Exercise aim: The entries below need to be transcribed exactly, without their images.

Exercise input:
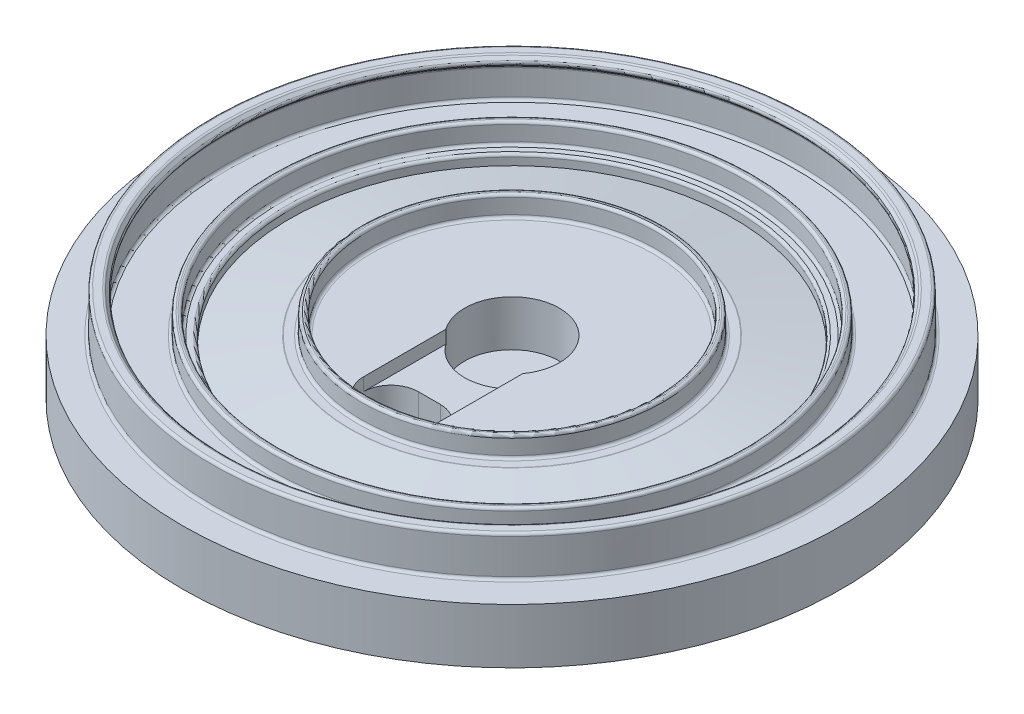
SolidWorks part; units mm, degrees
ref_plane "Front Plane" through (0, 0, 0) normal (0, 0, 1) x (1, 0, 0)
ref_plane "Top Plane" through (0, 0, 0) normal (0, 1, 0) x (1, 0, 0)
ref_plane "Right Plane" through (0, 0, 0) normal (1, 0, 0) x (0, 0, -1)
sketch "Sketch1" plane through (0, 0, 0) normal (0, 1, 0) x (1, 0, 0)
  circle A0 centre (0, 0) radius 60
  circle A1 centre (0, 0) radius 40
  circle A2 centre (0, 0) radius 30
  dimension "D1" = 60
  dimension "D2" = 80
  dimension "D3" = 120
extrude "Boss-Extrude1" add sketch "Sketch1" along normal blind 10 contours A0
sketch "Sketch2" plane through (0, 0, 0) normal (0, 0, 1) x (1, 0, 0)
  line L0 (0, 10) -> (-29.5, 10)
  line L1 (60, 10) -> (-60, 10) construction
  line L2 (-29.5, 10) -> (-40.5, 8.127)
  line L3 (-40.5, 8.127) -> (-40.5, 10)
  line L4 (-40.5, 10) -> (-29.5, 10)
  line L5 (0, 10) -> (0, 0) construction
  dimension "D1" = 11
  dimension "D2" = 29.5
  dimension "D3" = 1.873
revolve "Cut-Revolve1" cut sketch "Sketch2" angle 360 about L5
sketch "Sketch3" plane through (0, 10, 0) normal (0, 1, 0) x (1, 0, 0)
  circle A0 centre (0, 0) radius 27.5
  circle A1 centre (0, 0) radius 26.25
  circle A2 centre (0, 0) radius 42.5
  circle A3 centre (0, 0) radius 43.75
  dimension "D1" = 55
  dimension "D2" = 52.5
  dimension "D3" = 85
  dimension "D4" = 87.5
extrude "Boss-Extrude2" add sketch "Sketch3" along normal blind 3.723 contours A1 | A0 | A2 | A3
fillet "Fillet1" radius 0.5 10 edges at (0, 10, 26.25) (0, 10, 27.5) (0, 10, 43.75) (0, 10, 42.5) (0, 10, 40.5) (0, 13.723, 27.5) (0, 13.723, 26.25) (0, 13.723, 43.75) (0, 13.723, 42.5) (0, 10, 29.5)
sketch "Sketch5" plane through (0, 0, 0) normal (0, 0, 1) x (1, 0, 0)
  line L0 (0, 10) -> (-52.5, 10) construction
  line L1 (60, 10) -> (-60, 10) construction
  line L2 (-52.5, 10) -> (-54.5, 10)
  line L3 (-54.5, 10) -> (-54.5, 17.323)
  line L4 (-54.5, 17.323) -> (-52.5, 17.323)
  line L5 (-52.5, 17.323) -> (-51.5, 16.323)
  line L6 (-51.5, 16.323) -> (-52.5, 15.323)
  line L7 (-52.5, 15.323) -> (-52.5, 10)
  line L8 (0, 10) -> (0, 24.5479) construction
  line L9 (0, -7.5476) -> (0, 7.5476) construction
  dimension "D1" = 52.5
  dimension "D2" = 7.323
  dimension "D3" = 1
  dimension "D4" = 1
  dimension "D5" = 2
  dimension "D6" = 2
revolve "Revolve1" add sketch "Sketch5" angle 360 about L8
fillet "Fillet2" radius 0.5 6 edges at (0, 10, -52.5) (0, 15.323, -52.5) (0, 17.323, -52.5) (0, 16.323, -51.5) (0, 10, -54.5) (0, 17.323, -54.5)
sketch "Sketch6" plane through (0, 10, 0) normal (0, 1, 0) x (1, 0, 0)
  circle A0 centre (0, 0) radius 8.625
  dimension "D1" = 17.25
extrude "Cut-Extrude1" cut sketch "Sketch6" against normal blind 8.354
sketch "Sketch9" plane through (0, 10, 0) normal (0, 1, 0) x (1, 0, 0)
  line L1 (-7, -5.0389) -> (7, -5.0389)
  line L2 (-7, -5.0389) -> (-7, -20.0389)
  line L3 (-7, -20.0389) -> (7, -20.0389)
  line L4 (7, -5.0389) -> (7, -20.0389)
  circle A0 centre (0, 0) radius 8.625 construction
  circle A1 centre (0, 0) radius 8.625 construction
  point P6 (0, 0)
  point P7 (0, 0)
  dimension "D1" = 15
  dimension "D2" = 14
extrude "Cut-Extrude2" cut sketch "Sketch9" against normal blind 2.354
sketch "Sketch10" plane through (0, 10, 0) normal (0, 1, 0) x (1, 0, 0)
  line L0 (2, -20.0389) -> (-2, -20.0389) construction
  line L1 (-7, -20.0389) -> (7, -20.0389) construction
  line L2 (2, -25.0389) -> (-2, -25.0389)
  line L3 (2, -15.0389) -> (-2, -15.0389)
  arc A0 (2, -25.0389) -> (2, -15.0389) centre (2, -20.0389) ccw
  arc A1 (-2, -15.0389) -> (-2, -25.0389) centre (-2, -20.0389) ccw
  point P4 (0, -20.0389)
  dimension "D1" = 5
extrude "Cut-Extrude3" cut sketch "Sketch10" against normal blind 10

Exercise output:
SolidWorks part; units mm, degrees
ref_plane "Front Plane" through (0, 0, 0) normal (0, 0, 1) x (1, 0, 0)
ref_plane "Top Plane" through (0, 0, 0) normal (0, 1, 0) x (1, 0, 0)
ref_plane "Right Plane" through (0, 0, 0) normal (1, 0, 0) x (0, 0, -1)
sketch "Sketch1" plane through (0, 0, 0) normal (0, 1, 0) x (1, 0, 0)
  circle A0 centre (0, 0) radius 60
  circle A1 centre (0, 0) radius 40
  circle A2 centre (0, 0) radius 30
  dimension "D1" = 60
  dimension "D2" = 80
  dimension "D3" = 120
extrude "Boss-Extrude1" add sketch "Sketch1" along normal blind 10 contours A0
sketch "Sketch2" plane through (0, 0, 0) normal (0, 0, 1) x (1, 0, 0)
  line L0 (0, 10) -> (-29.5, 10)
  line L1 (60, 10) -> (-60, 10) construction
  line L2 (-29.5, 10) -> (-40.5, 8.127)
  line L3 (-40.5, 8.127) -> (-40.5, 10)
  line L4 (-40.5, 10) -> (-29.5, 10)
  line L5 (0, 10) -> (0, 0) construction
  dimension "D1" = 11
  dimension "D2" = 29.5
  dimension "D3" = 1.873
revolve "Cut-Revolve1" cut sketch "Sketch2" angle 360 about L5
sketch "Sketch3" plane through (0, 10, 0) normal (0, 1, 0) x (1, 0, 0)
  circle A0 centre (0, 0) radius 27.5
  circle A1 centre (0, 0) radius 26.25
  circle A2 centre (0, 0) radius 42.5
  circle A3 centre (0, 0) radius 43.75
  dimension "D1" = 55
  dimension "D2" = 52.5
  dimension "D3" = 85
  dimension "D4" = 87.5
extrude "Boss-Extrude2" add sketch "Sketch3" along normal blind 3.723 contours A1 | A0 | A2 | A3
fillet "Fillet1" radius 0.5 10 edges at (0, 10, 26.25) (0, 10, 27.5) (0, 10, 43.75) (0, 10, 42.5) (0, 10, 40.5) (0, 13.723, 27.5) (0, 13.723, 26.25) (0, 13.723, 43.75) (0, 13.723, 42.5) (0, 10, 29.5)
sketch "Sketch5" plane through (0, 0, 0) normal (0, 0, 1) x (1, 0, 0)
  line L0 (0, 10) -> (-52.5, 10) construction
  line L1 (60, 10) -> (-60, 10) construction
  line L2 (-52.5, 10) -> (-54.5, 10)
  line L3 (-54.5, 10) -> (-54.5, 17.323)
  line L4 (-54.5, 17.323) -> (-52.5, 17.323)
  line L5 (-52.5, 17.323) -> (-51.5, 16.323)
  line L6 (-51.5, 16.323) -> (-52.5, 15.323)
  line L7 (-52.5, 15.323) -> (-52.5, 10)
  line L8 (0, 10) -> (0, 24.5479) construction
  line L9 (0, -7.5476) -> (0, 7.5476) construction
  dimension "D1" = 52.5
  dimension "D2" = 7.323
  dimension "D3" = 1
  dimension "D4" = 1
  dimension "D5" = 2
  dimension "D6" = 2
revolve "Revolve1" add sketch "Sketch5" angle 360 about L8
fillet "Fillet2" radius 0.5 6 edges at (0, 10, -52.5) (0, 15.323, -52.5) (0, 17.323, -52.5) (0, 16.323, -51.5) (0, 10, -54.5) (0, 17.323, -54.5)
sketch "Sketch6" plane through (0, 10, 0) normal (0, 1, 0) x (1, 0, 0)
  circle A0 centre (0, 0) radius 8.625
  dimension "D1" = 17.25
extrude "Cut-Extrude1" cut sketch "Sketch6" against normal blind 8.354
sketch "Sketch9" plane through (0, 10, 0) normal (0, 1, 0) x (1, 0, 0)
  line L1 (-7, -5.0389) -> (7, -5.0389)
  line L2 (-7, -5.0389) -> (-7, -20.0389)
  line L3 (-7, -20.0389) -> (7, -20.0389)
  line L4 (7, -5.0389) -> (7, -20.0389)
  circle A0 centre (0, 0) radius 8.625 construction
  circle A1 centre (0, 0) radius 8.625 construction
  point P6 (0, 0)
  point P7 (0, 0)
  dimension "D1" = 15
  dimension "D2" = 14
extrude "Cut-Extrude2" cut sketch "Sketch9" against normal blind 2.354
sketch "Sketch10" plane through (0, 10, 0) normal (0, 1, 0) x (1, 0, 0)
  line L0 (2, -20.0389) -> (-2, -20.0389) construction
  line L1 (-7, -20.0389) -> (7, -20.0389) construction
  line L2 (2, -25.0389) -> (-2, -25.0389)
  line L3 (2, -15.0389) -> (-2, -15.0389)
  arc A0 (2, -25.0389) -> (2, -15.0389) centre (2, -20.0389) ccw
  arc A1 (-2, -15.0389) -> (-2, -25.0389) centre (-2, -20.0389) ccw
  point P4 (0, -20.0389)
  dimension "D1" = 5
extrude "Cut-Extrude3" cut sketch "Sketch10" against normal blind 10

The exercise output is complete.